■ **Task**
Do not include the pictures; repeat the rest of the data exactly.

■ **Supplied records**
· · · · · · ·
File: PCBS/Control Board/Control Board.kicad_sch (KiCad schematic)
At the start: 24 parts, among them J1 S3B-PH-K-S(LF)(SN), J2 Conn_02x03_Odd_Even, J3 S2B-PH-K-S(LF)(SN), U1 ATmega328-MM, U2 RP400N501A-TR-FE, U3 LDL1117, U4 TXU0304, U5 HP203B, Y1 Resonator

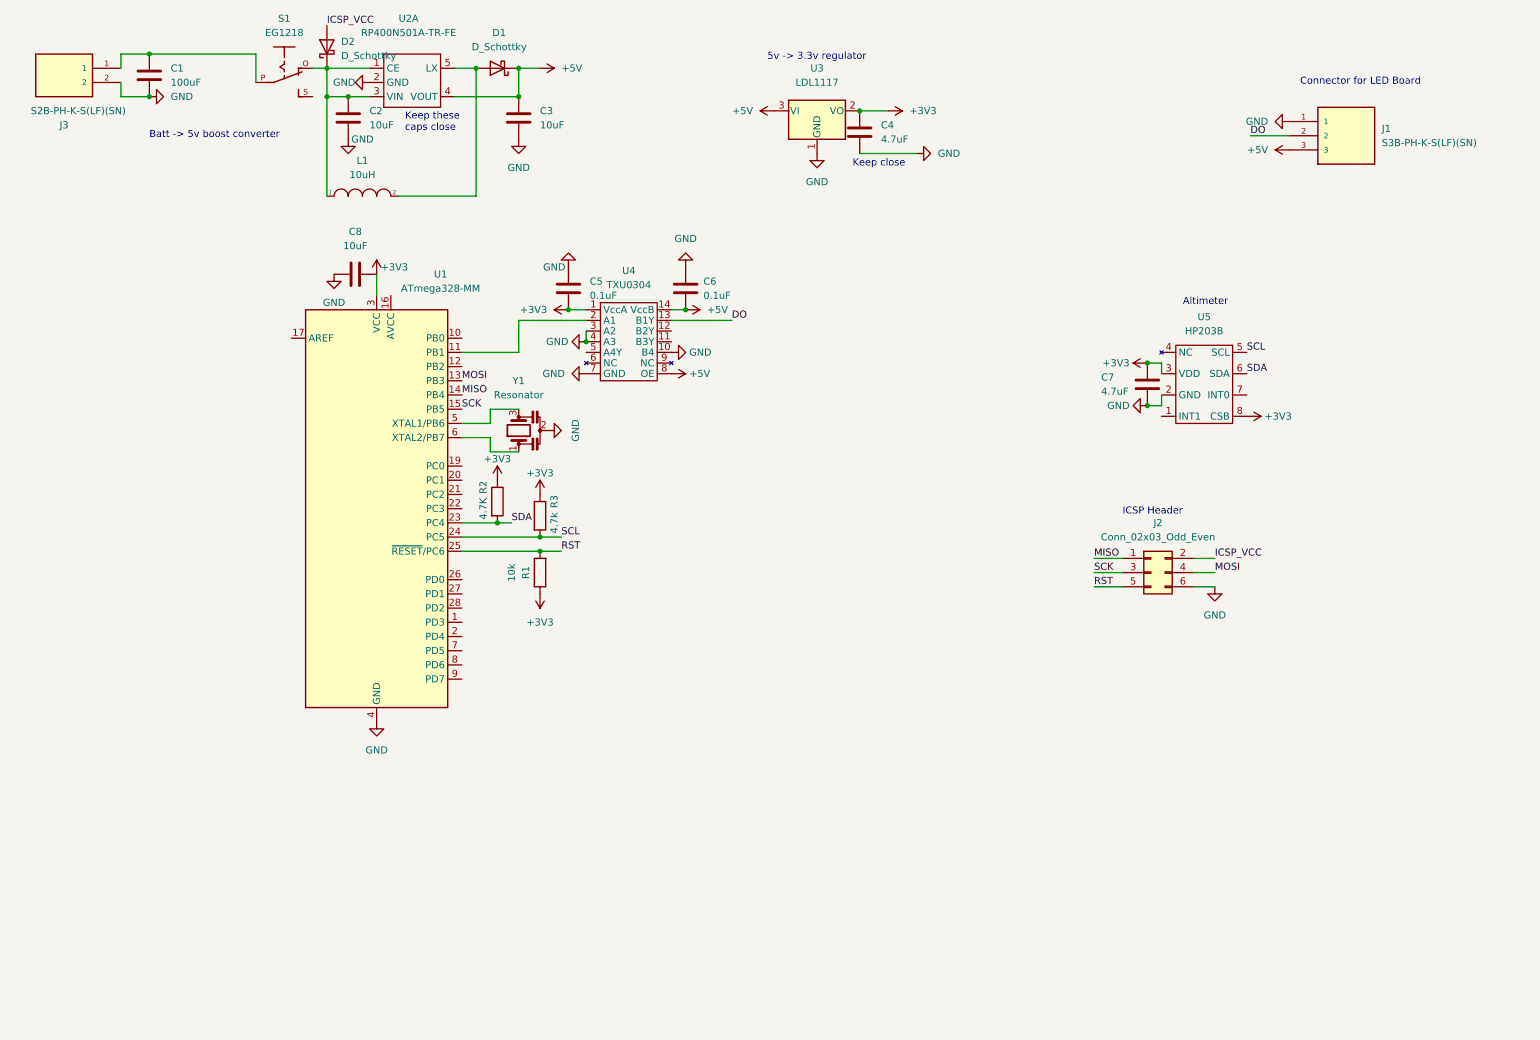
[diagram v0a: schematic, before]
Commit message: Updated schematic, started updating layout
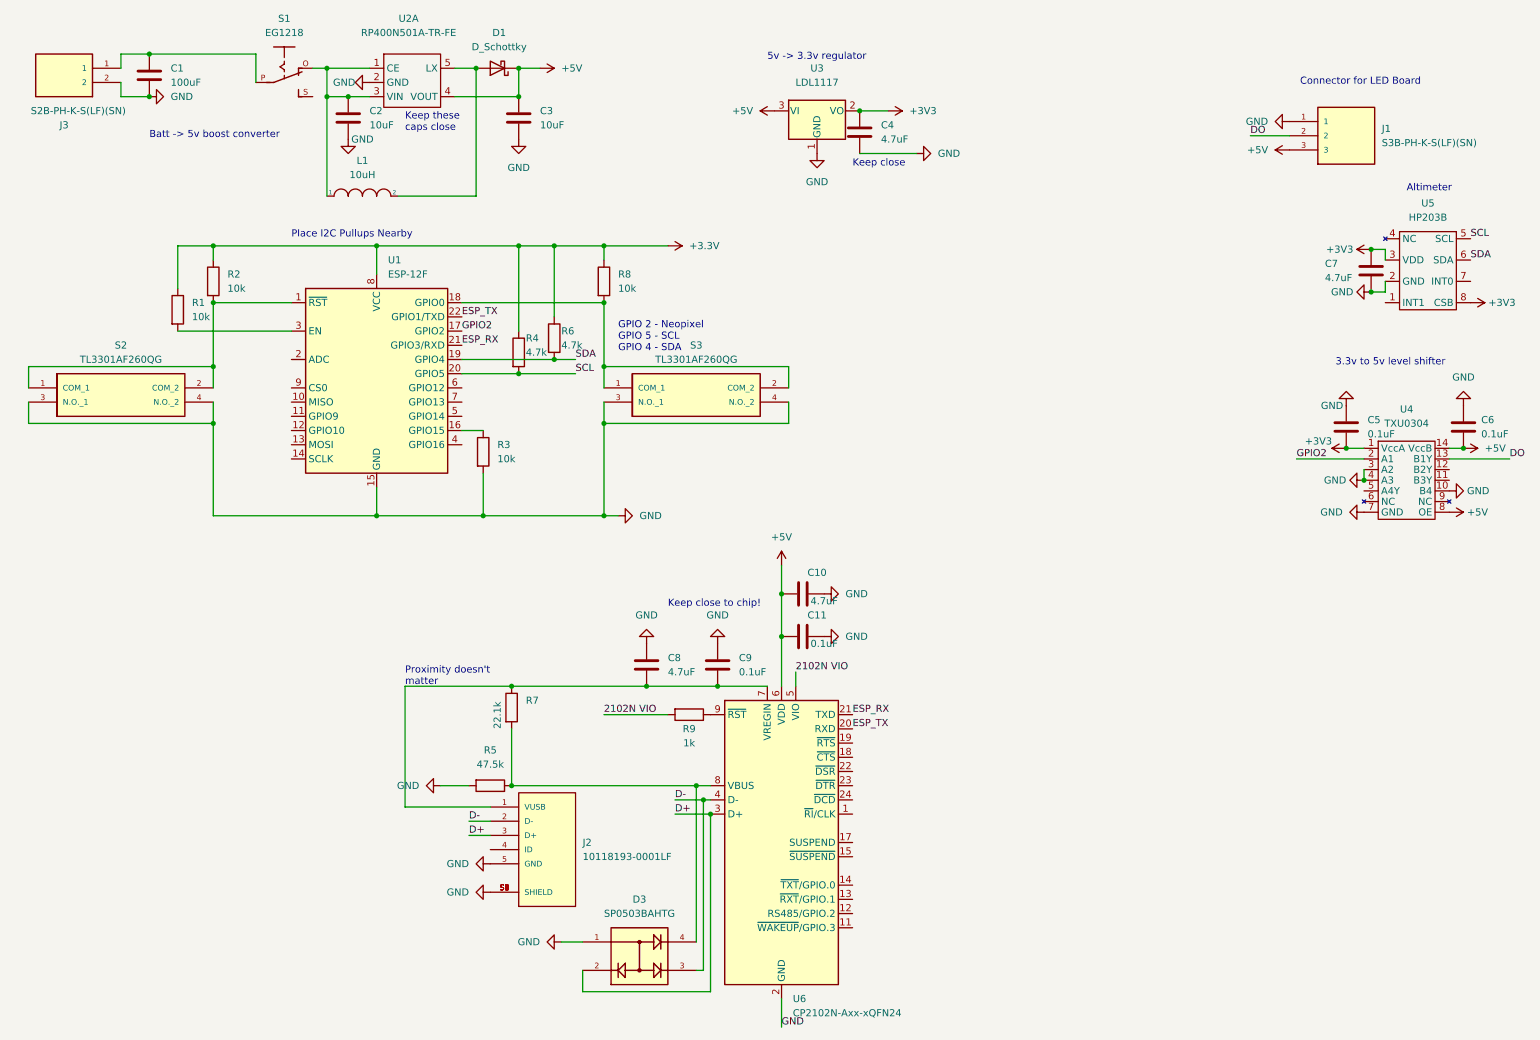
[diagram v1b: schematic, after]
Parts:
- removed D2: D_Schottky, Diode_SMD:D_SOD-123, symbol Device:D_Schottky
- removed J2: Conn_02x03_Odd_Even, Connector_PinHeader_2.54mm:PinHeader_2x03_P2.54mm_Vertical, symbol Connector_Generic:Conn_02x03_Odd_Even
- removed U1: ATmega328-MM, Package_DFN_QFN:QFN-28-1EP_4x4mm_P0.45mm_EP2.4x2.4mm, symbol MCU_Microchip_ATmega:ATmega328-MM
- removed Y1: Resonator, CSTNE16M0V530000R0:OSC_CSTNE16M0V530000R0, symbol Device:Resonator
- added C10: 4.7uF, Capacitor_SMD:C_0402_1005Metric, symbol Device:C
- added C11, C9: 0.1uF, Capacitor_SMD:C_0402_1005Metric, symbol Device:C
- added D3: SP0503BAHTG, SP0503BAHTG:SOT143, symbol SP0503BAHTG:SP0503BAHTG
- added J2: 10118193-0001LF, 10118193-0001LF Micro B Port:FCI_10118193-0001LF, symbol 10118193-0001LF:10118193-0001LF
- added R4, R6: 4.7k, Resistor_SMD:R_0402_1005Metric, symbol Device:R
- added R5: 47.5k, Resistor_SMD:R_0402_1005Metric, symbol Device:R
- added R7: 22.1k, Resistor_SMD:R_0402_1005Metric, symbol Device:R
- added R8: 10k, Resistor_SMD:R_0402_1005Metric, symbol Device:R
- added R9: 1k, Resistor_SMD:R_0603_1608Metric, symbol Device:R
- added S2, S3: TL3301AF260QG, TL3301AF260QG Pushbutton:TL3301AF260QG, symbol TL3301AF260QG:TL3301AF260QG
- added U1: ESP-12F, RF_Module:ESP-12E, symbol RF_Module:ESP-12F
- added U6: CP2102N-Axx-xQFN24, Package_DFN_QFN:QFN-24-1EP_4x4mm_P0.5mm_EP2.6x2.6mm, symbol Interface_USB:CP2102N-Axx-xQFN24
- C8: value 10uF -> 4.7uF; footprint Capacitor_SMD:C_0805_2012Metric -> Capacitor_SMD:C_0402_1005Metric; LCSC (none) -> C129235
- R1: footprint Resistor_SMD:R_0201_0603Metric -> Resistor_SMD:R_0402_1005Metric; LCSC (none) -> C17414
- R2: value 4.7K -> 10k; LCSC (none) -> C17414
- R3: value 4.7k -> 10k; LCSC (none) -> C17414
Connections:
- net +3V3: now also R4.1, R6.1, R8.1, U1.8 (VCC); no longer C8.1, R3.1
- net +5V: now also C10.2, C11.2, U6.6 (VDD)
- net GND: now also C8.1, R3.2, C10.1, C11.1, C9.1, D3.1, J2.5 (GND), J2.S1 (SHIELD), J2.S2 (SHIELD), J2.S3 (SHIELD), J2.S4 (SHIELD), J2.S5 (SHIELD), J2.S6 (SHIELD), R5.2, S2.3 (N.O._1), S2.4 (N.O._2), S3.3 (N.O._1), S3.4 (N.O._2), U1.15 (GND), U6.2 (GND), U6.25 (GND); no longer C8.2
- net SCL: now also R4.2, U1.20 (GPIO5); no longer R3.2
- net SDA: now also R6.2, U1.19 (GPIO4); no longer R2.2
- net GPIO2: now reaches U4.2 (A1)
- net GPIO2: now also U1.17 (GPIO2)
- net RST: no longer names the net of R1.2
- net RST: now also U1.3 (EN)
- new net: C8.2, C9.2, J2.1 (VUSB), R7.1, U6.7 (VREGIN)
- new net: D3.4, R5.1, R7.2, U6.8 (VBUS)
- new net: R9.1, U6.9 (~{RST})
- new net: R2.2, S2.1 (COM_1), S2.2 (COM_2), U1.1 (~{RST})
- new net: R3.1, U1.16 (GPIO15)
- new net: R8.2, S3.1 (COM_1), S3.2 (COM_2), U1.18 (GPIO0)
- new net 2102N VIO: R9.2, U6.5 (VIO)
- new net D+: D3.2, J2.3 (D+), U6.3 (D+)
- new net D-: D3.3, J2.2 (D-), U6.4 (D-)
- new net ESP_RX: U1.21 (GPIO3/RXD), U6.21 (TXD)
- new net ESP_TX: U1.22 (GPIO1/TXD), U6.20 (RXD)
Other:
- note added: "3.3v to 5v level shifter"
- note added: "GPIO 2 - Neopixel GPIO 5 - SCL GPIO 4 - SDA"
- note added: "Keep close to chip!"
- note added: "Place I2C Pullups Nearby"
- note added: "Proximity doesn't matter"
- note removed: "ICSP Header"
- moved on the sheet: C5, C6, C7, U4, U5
· · · · · · ·
■ **Task response**
File: PCBS/Control Board/Control Board.kicad_sch (KiCad schematic)
At the start: 24 parts, among them J1 S3B-PH-K-S(LF)(SN), J2 Conn_02x03_Odd_Even, J3 S2B-PH-K-S(LF)(SN), U1 ATmega328-MM, U2 RP400N501A-TR-FE, U3 LDL1117, U4 TXU0304, U5 HP203B, Y1 Resonator

[diagram v0a: schematic, before]
Commit message: Updated schematic, started updating layout
[diagram v1b: schematic, after]
Parts:
- removed D2: D_Schottky, Diode_SMD:D_SOD-123, symbol Device:D_Schottky
- removed J2: Conn_02x03_Odd_Even, Connector_PinHeader_2.54mm:PinHeader_2x03_P2.54mm_Vertical, symbol Connector_Generic:Conn_02x03_Odd_Even
- removed U1: ATmega328-MM, Package_DFN_QFN:QFN-28-1EP_4x4mm_P0.45mm_EP2.4x2.4mm, symbol MCU_Microchip_ATmega:ATmega328-MM
- removed Y1: Resonator, CSTNE16M0V530000R0:OSC_CSTNE16M0V530000R0, symbol Device:Resonator
- added C10: 4.7uF, Capacitor_SMD:C_0402_1005Metric, symbol Device:C
- added C11, C9: 0.1uF, Capacitor_SMD:C_0402_1005Metric, symbol Device:C
- added D3: SP0503BAHTG, SP0503BAHTG:SOT143, symbol SP0503BAHTG:SP0503BAHTG
- added J2: 10118193-0001LF, 10118193-0001LF Micro B Port:FCI_10118193-0001LF, symbol 10118193-0001LF:10118193-0001LF
- added R4, R6: 4.7k, Resistor_SMD:R_0402_1005Metric, symbol Device:R
- added R5: 47.5k, Resistor_SMD:R_0402_1005Metric, symbol Device:R
- added R7: 22.1k, Resistor_SMD:R_0402_1005Metric, symbol Device:R
- added R8: 10k, Resistor_SMD:R_0402_1005Metric, symbol Device:R
- added R9: 1k, Resistor_SMD:R_0603_1608Metric, symbol Device:R
- added S2, S3: TL3301AF260QG, TL3301AF260QG Pushbutton:TL3301AF260QG, symbol TL3301AF260QG:TL3301AF260QG
- added U1: ESP-12F, RF_Module:ESP-12E, symbol RF_Module:ESP-12F
- added U6: CP2102N-Axx-xQFN24, Package_DFN_QFN:QFN-24-1EP_4x4mm_P0.5mm_EP2.6x2.6mm, symbol Interface_USB:CP2102N-Axx-xQFN24
- C8: value 10uF -> 4.7uF; footprint Capacitor_SMD:C_0805_2012Metric -> Capacitor_SMD:C_0402_1005Metric; LCSC (none) -> C129235
- R1: footprint Resistor_SMD:R_0201_0603Metric -> Resistor_SMD:R_0402_1005Metric; LCSC (none) -> C17414
- R2: value 4.7K -> 10k; LCSC (none) -> C17414
- R3: value 4.7k -> 10k; LCSC (none) -> C17414
Connections:
- net +3V3: now also R4.1, R6.1, R8.1, U1.8 (VCC); no longer C8.1, R3.1
- net +5V: now also C10.2, C11.2, U6.6 (VDD)
- net GND: now also C8.1, R3.2, C10.1, C11.1, C9.1, D3.1, J2.5 (GND), J2.S1 (SHIELD), J2.S2 (SHIELD), J2.S3 (SHIELD), J2.S4 (SHIELD), J2.S5 (SHIELD), J2.S6 (SHIELD), R5.2, S2.3 (N.O._1), S2.4 (N.O._2), S3.3 (N.O._1), S3.4 (N.O._2), U1.15 (GND), U6.2 (GND), U6.25 (GND); no longer C8.2
- net SCL: now also R4.2, U1.20 (GPIO5); no longer R3.2
- net SDA: now also R6.2, U1.19 (GPIO4); no longer R2.2
- net GPIO2: now reaches U4.2 (A1)
- net GPIO2: now also U1.17 (GPIO2)
- net RST: no longer names the net of R1.2
- net RST: now also U1.3 (EN)
- new net: C8.2, C9.2, J2.1 (VUSB), R7.1, U6.7 (VREGIN)
- new net: D3.4, R5.1, R7.2, U6.8 (VBUS)
- new net: R9.1, U6.9 (~{RST})
- new net: R2.2, S2.1 (COM_1), S2.2 (COM_2), U1.1 (~{RST})
- new net: R3.1, U1.16 (GPIO15)
- new net: R8.2, S3.1 (COM_1), S3.2 (COM_2), U1.18 (GPIO0)
- new net 2102N VIO: R9.2, U6.5 (VIO)
- new net D+: D3.2, J2.3 (D+), U6.3 (D+)
- new net D-: D3.3, J2.2 (D-), U6.4 (D-)
- new net ESP_RX: U1.21 (GPIO3/RXD), U6.21 (TXD)
- new net ESP_TX: U1.22 (GPIO1/TXD), U6.20 (RXD)
Other:
- note added: "3.3v to 5v level shifter"
- note added: "GPIO 2 - Neopixel GPIO 5 - SCL GPIO 4 - SDA"
- note added: "Keep close to chip!"
- note added: "Place I2C Pullups Nearby"
- note added: "Proximity doesn't matter"
- note removed: "ICSP Header"
- moved on the sheet: C5, C6, C7, U4, U5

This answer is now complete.